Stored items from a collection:
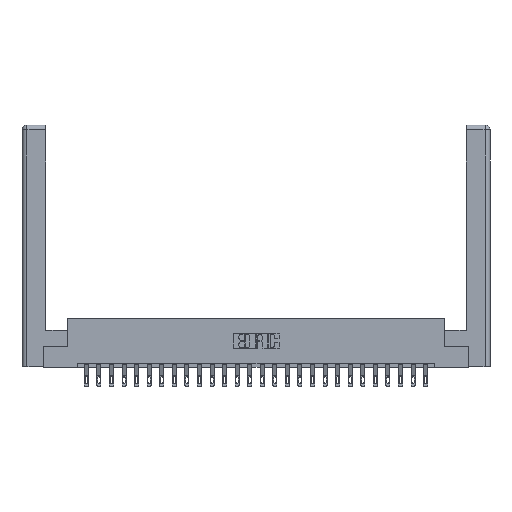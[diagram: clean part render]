
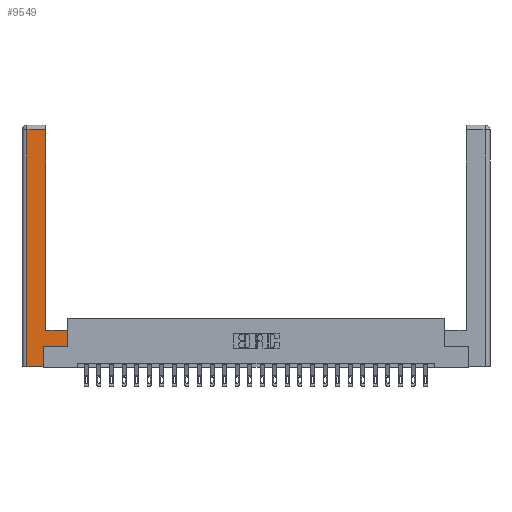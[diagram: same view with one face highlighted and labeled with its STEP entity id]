
A CAD part, top view. The second image highlights one B-rep face of the part: STEP entity #9549.
In plain terms, the highlighted planar face has unit normal (0, 0, 1).
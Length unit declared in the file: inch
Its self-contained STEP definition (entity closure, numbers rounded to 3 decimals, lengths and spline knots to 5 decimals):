
#524 = VECTOR ( 'NONE', #18206, 39.37008 ) ;
#1077 = CARTESIAN_POINT ( 'NONE',  ( 0.295, 0.45, 0. ) ) ;
#1786 = VERTEX_POINT ( 'NONE', #4299 ) ;
#1950 = VECTOR ( 'NONE', #4776, 39.37008 ) ;
#1952 = LINE ( 'NONE', #15213, #2944 ) ;
#2944 = VECTOR ( 'NONE', #9222, 39.37008 ) ;
#3735 = DIRECTION ( 'NONE',  ( 0., -1., 0. ) ) ;
#3939 = DIRECTION ( 'NONE',  ( -1., 0., 0. ) ) ;
#4116 = LINE ( 'NONE', #19426, #13725 ) ;
#4267 = ORIENTED_EDGE ( 'NONE', *, *, #15548, .T. ) ;
#4299 = CARTESIAN_POINT ( 'NONE',  ( 0.0615, 0., 0. ) ) ;
#4776 = DIRECTION ( 'NONE',  ( 0., 1., 0. ) ) ;
#5395 = LINE ( 'NONE', #19114, #13722 ) ;
#6811 = VERTEX_POINT ( 'NONE', #16730 ) ;
#7710 = DIRECTION ( 'NONE',  ( -1., 0., 0. ) ) ;
#8630 = EDGE_CURVE ( 'NONE', #1786, #24178, #4116, .T. ) ;
#8959 = CARTESIAN_POINT ( 'NONE',  ( 0.295, 3., 0. ) ) ;
#9195 = CARTESIAN_POINT ( 'NONE',  ( 0.565, 0.245, 0. ) ) ;
#9222 = DIRECTION ( 'NONE',  ( 1., 0., 0. ) ) ;
#9431 = ORIENTED_EDGE ( 'NONE', *, *, #19889, .T. ) ;
#9549 = ADVANCED_FACE ( 'NONE', ( #22116 ), #11859, .F. ) ;
#9578 = LINE ( 'NONE', #9770, #13397 ) ;
#9770 = CARTESIAN_POINT ( 'NONE',  ( 0.0615, 0., 0. ) ) ;
#10397 = AXIS2_PLACEMENT_3D ( 'NONE', #17906, #26095, #13889 ) ;
#10983 = LINE ( 'NONE', #21126, #1950 ) ;
#11367 = DIRECTION ( 'NONE',  ( 1., 0., 0. ) ) ;
#11859 = PLANE ( 'NONE',  #10397 ) ;
#11881 = EDGE_LOOP ( 'NONE', ( #12309, #22822, #21513, #19605, #4267, #16017, #9431, #15702 ) ) ;
#12309 = ORIENTED_EDGE ( 'NONE', *, *, #19631, .T. ) ;
#12325 = EDGE_CURVE ( 'NONE', #19669, #20694, #1952, .T. ) ;
#13099 = VECTOR ( 'NONE', #3939, 39.37008 ) ;
#13397 = VECTOR ( 'NONE', #3735, 39.37008 ) ;
#13579 = CARTESIAN_POINT ( 'NONE',  ( 0.265, 0.245, 0. ) ) ;
#13644 = EDGE_CURVE ( 'NONE', #21884, #15916, #5395, .T. ) ;
#13722 = VECTOR ( 'NONE', #7710, 39.37008 ) ;
#13725 = VECTOR ( 'NONE', #11367, 39.37008 ) ;
#13889 = DIRECTION ( 'NONE',  ( -1., 0., 0. ) ) ;
#14695 = CARTESIAN_POINT ( 'NONE',  ( 0.0615, 2.94, 0. ) ) ;
#15213 = CARTESIAN_POINT ( 'NONE',  ( 0.565, 0.245, 0. ) ) ;
#15548 = EDGE_CURVE ( 'NONE', #24178, #19669, #10983, .T. ) ;
#15702 = ORIENTED_EDGE ( 'NONE', *, *, #22205, .T. ) ;
#15916 = VERTEX_POINT ( 'NONE', #14695 ) ;
#15961 = LINE ( 'NONE', #8959, #19411 ) ;
#16017 = ORIENTED_EDGE ( 'NONE', *, *, #12325, .T. ) ;
#16587 = LINE ( 'NONE', #18728, #524 ) ;
#16730 = CARTESIAN_POINT ( 'NONE',  ( 0.565, 0.45, 0. ) ) ;
#16834 = VERTEX_POINT ( 'NONE', #1077 ) ;
#17300 = CARTESIAN_POINT ( 'NONE',  ( 0.295, 2.94, 0. ) ) ;
#17906 = CARTESIAN_POINT ( 'NONE',  ( 0., 0., 0. ) ) ;
#18206 = DIRECTION ( 'NONE',  ( 0., 1., 0. ) ) ;
#18529 = EDGE_CURVE ( 'NONE', #15916, #1786, #9578, .T. ) ;
#18728 = CARTESIAN_POINT ( 'NONE',  ( 0.565, 0.45, 0. ) ) ;
#19114 = CARTESIAN_POINT ( 'NONE',  ( 0.0615, 2.94, 0. ) ) ;
#19411 = VECTOR ( 'NONE', #25188, 39.37008 ) ;
#19426 = CARTESIAN_POINT ( 'NONE',  ( 0.265, 0., 0. ) ) ;
#19605 = ORIENTED_EDGE ( 'NONE', *, *, #8630, .T. ) ;
#19631 = EDGE_CURVE ( 'NONE', #16834, #21884, #15961, .T. ) ;
#19669 = VERTEX_POINT ( 'NONE', #13579 ) ;
#19889 = EDGE_CURVE ( 'NONE', #20694, #6811, #16587, .T. ) ;
#20694 = VERTEX_POINT ( 'NONE', #9195 ) ;
#21126 = CARTESIAN_POINT ( 'NONE',  ( 0.265, 0.245, 0. ) ) ;
#21513 = ORIENTED_EDGE ( 'NONE', *, *, #18529, .T. ) ;
#21884 = VERTEX_POINT ( 'NONE', #17300 ) ;
#22116 = FACE_OUTER_BOUND ( 'NONE', #11881, .T. ) ;
#22205 = EDGE_CURVE ( 'NONE', #6811, #16834, #22991, .T. ) ;
#22822 = ORIENTED_EDGE ( 'NONE', *, *, #13644, .T. ) ;
#22991 = LINE ( 'NONE', #26258, #13099 ) ;
#24178 = VERTEX_POINT ( 'NONE', #24684 ) ;
#24684 = CARTESIAN_POINT ( 'NONE',  ( 0.265, 0., 0. ) ) ;
#25188 = DIRECTION ( 'NONE',  ( 0., 1., 0. ) ) ;
#26095 = DIRECTION ( 'NONE',  ( 0., 0., -1. ) ) ;
#26258 = CARTESIAN_POINT ( 'NONE',  ( 0.295, 0.45, 0. ) ) ;
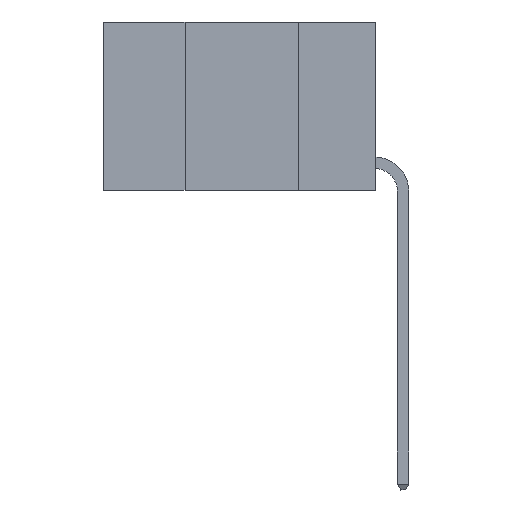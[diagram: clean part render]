
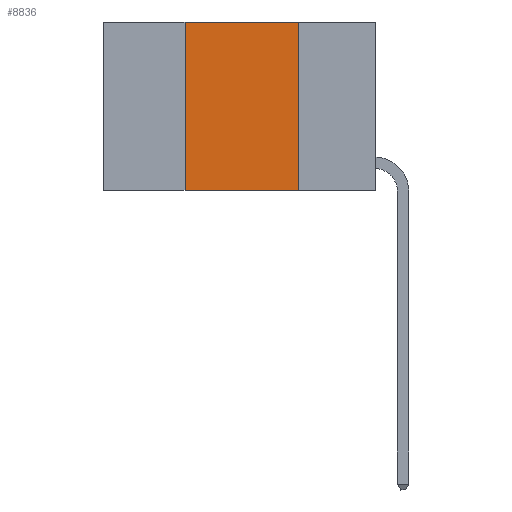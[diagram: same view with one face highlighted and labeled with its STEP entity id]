
A CAD part, left-side view. The second image highlights one B-rep face of the part: STEP entity #8836.
In plain terms, the highlighted planar face has unit normal (-1, 0, 0).
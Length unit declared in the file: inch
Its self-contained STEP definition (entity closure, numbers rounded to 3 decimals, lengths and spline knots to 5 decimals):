
#248 = VECTOR ( 'NONE', #5378, 39.37008 ) ;
#2208 = DIRECTION ( 'NONE',  ( 0., -1., 0. ) ) ;
#2351 = LINE ( 'NONE', #20730, #13148 ) ;
#3162 = VERTEX_POINT ( 'NONE', #21421 ) ;
#3261 = AXIS2_PLACEMENT_3D ( 'NONE', #6029, #22424, #24453 ) ;
#3500 = LINE ( 'NONE', #26353, #248 ) ;
#4166 = EDGE_LOOP ( 'NONE', ( #15668, #15369, #22449, #16667 ) ) ;
#4557 = CARTESIAN_POINT ( 'NONE',  ( 0., 0.17, 0. ) ) ;
#4625 = VERTEX_POINT ( 'NONE', #17516 ) ;
#5322 = CARTESIAN_POINT ( 'NONE',  ( 0., 0.17, 0. ) ) ;
#5378 = DIRECTION ( 'NONE',  ( 0., -1., 0. ) ) ;
#5602 = EDGE_CURVE ( 'NONE', #25055, #4625, #6832, .T. ) ;
#6029 = CARTESIAN_POINT ( 'NONE',  ( 0., 0.6, 0. ) ) ;
#6832 = LINE ( 'NONE', #25666, #13385 ) ;
#8836 = ADVANCED_FACE ( 'NONE', ( #22150 ), #24309, .F. ) ;
#11173 = CARTESIAN_POINT ( 'NONE',  ( 0., 0.42, -0.37 ) ) ;
#13078 = DIRECTION ( 'NONE',  ( 0., 0., 1. ) ) ;
#13148 = VECTOR ( 'NONE', #2208, 39.37008 ) ;
#13385 = VECTOR ( 'NONE', #13078, 39.37008 ) ;
#15369 = ORIENTED_EDGE ( 'NONE', *, *, #19489, .F. ) ;
#15668 = ORIENTED_EDGE ( 'NONE', *, *, #22392, .F. ) ;
#16667 = ORIENTED_EDGE ( 'NONE', *, *, #18881, .T. ) ;
#17516 = CARTESIAN_POINT ( 'NONE',  ( 0., 0.42, 0. ) ) ;
#17639 = DIRECTION ( 'NONE',  ( 0., 0., -1. ) ) ;
#18469 = VECTOR ( 'NONE', #17639, 39.37008 ) ;
#18881 = EDGE_CURVE ( 'NONE', #25055, #3162, #2351, .T. ) ;
#19489 = EDGE_CURVE ( 'NONE', #4625, #21020, #3500, .T. ) ;
#20730 = CARTESIAN_POINT ( 'NONE',  ( 0., 0.6, -0.37 ) ) ;
#21020 = VERTEX_POINT ( 'NONE', #4557 ) ;
#21421 = CARTESIAN_POINT ( 'NONE',  ( 0., 0.17, -0.37 ) ) ;
#22150 = FACE_OUTER_BOUND ( 'NONE', #4166, .T. ) ;
#22392 = EDGE_CURVE ( 'NONE', #21020, #3162, #25752, .T. ) ;
#22424 = DIRECTION ( 'NONE',  ( 1., 0., 0. ) ) ;
#22449 = ORIENTED_EDGE ( 'NONE', *, *, #5602, .F. ) ;
#24309 = PLANE ( 'NONE',  #3261 ) ;
#24453 = DIRECTION ( 'NONE',  ( 0., 0., -1. ) ) ;
#25055 = VERTEX_POINT ( 'NONE', #11173 ) ;
#25666 = CARTESIAN_POINT ( 'NONE',  ( 0., 0.42, 0. ) ) ;
#25752 = LINE ( 'NONE', #5322, #18469 ) ;
#26353 = CARTESIAN_POINT ( 'NONE',  ( 0., 0.6, 0. ) ) ;

(WORK TO COMPLETE)
Where the line containing "#20730 = CARTESIAN_POINT" appears, start copying, and go on exactly through the last line of the data.

(SOLUTION BELOW)
#20730 = CARTESIAN_POINT ( 'NONE',  ( 0., 0.6, -0.37 ) ) ;
#21020 = VERTEX_POINT ( 'NONE', #4557 ) ;
#21421 = CARTESIAN_POINT ( 'NONE',  ( 0., 0.17, -0.37 ) ) ;
#22150 = FACE_OUTER_BOUND ( 'NONE', #4166, .T. ) ;
#22392 = EDGE_CURVE ( 'NONE', #21020, #3162, #25752, .T. ) ;
#22424 = DIRECTION ( 'NONE',  ( 1., 0., 0. ) ) ;
#22449 = ORIENTED_EDGE ( 'NONE', *, *, #5602, .F. ) ;
#24309 = PLANE ( 'NONE',  #3261 ) ;
#24453 = DIRECTION ( 'NONE',  ( 0., 0., -1. ) ) ;
#25055 = VERTEX_POINT ( 'NONE', #11173 ) ;
#25666 = CARTESIAN_POINT ( 'NONE',  ( 0., 0.42, 0. ) ) ;
#25752 = LINE ( 'NONE', #5322, #18469 ) ;
#26353 = CARTESIAN_POINT ( 'NONE',  ( 0., 0.6, 0. ) ) ;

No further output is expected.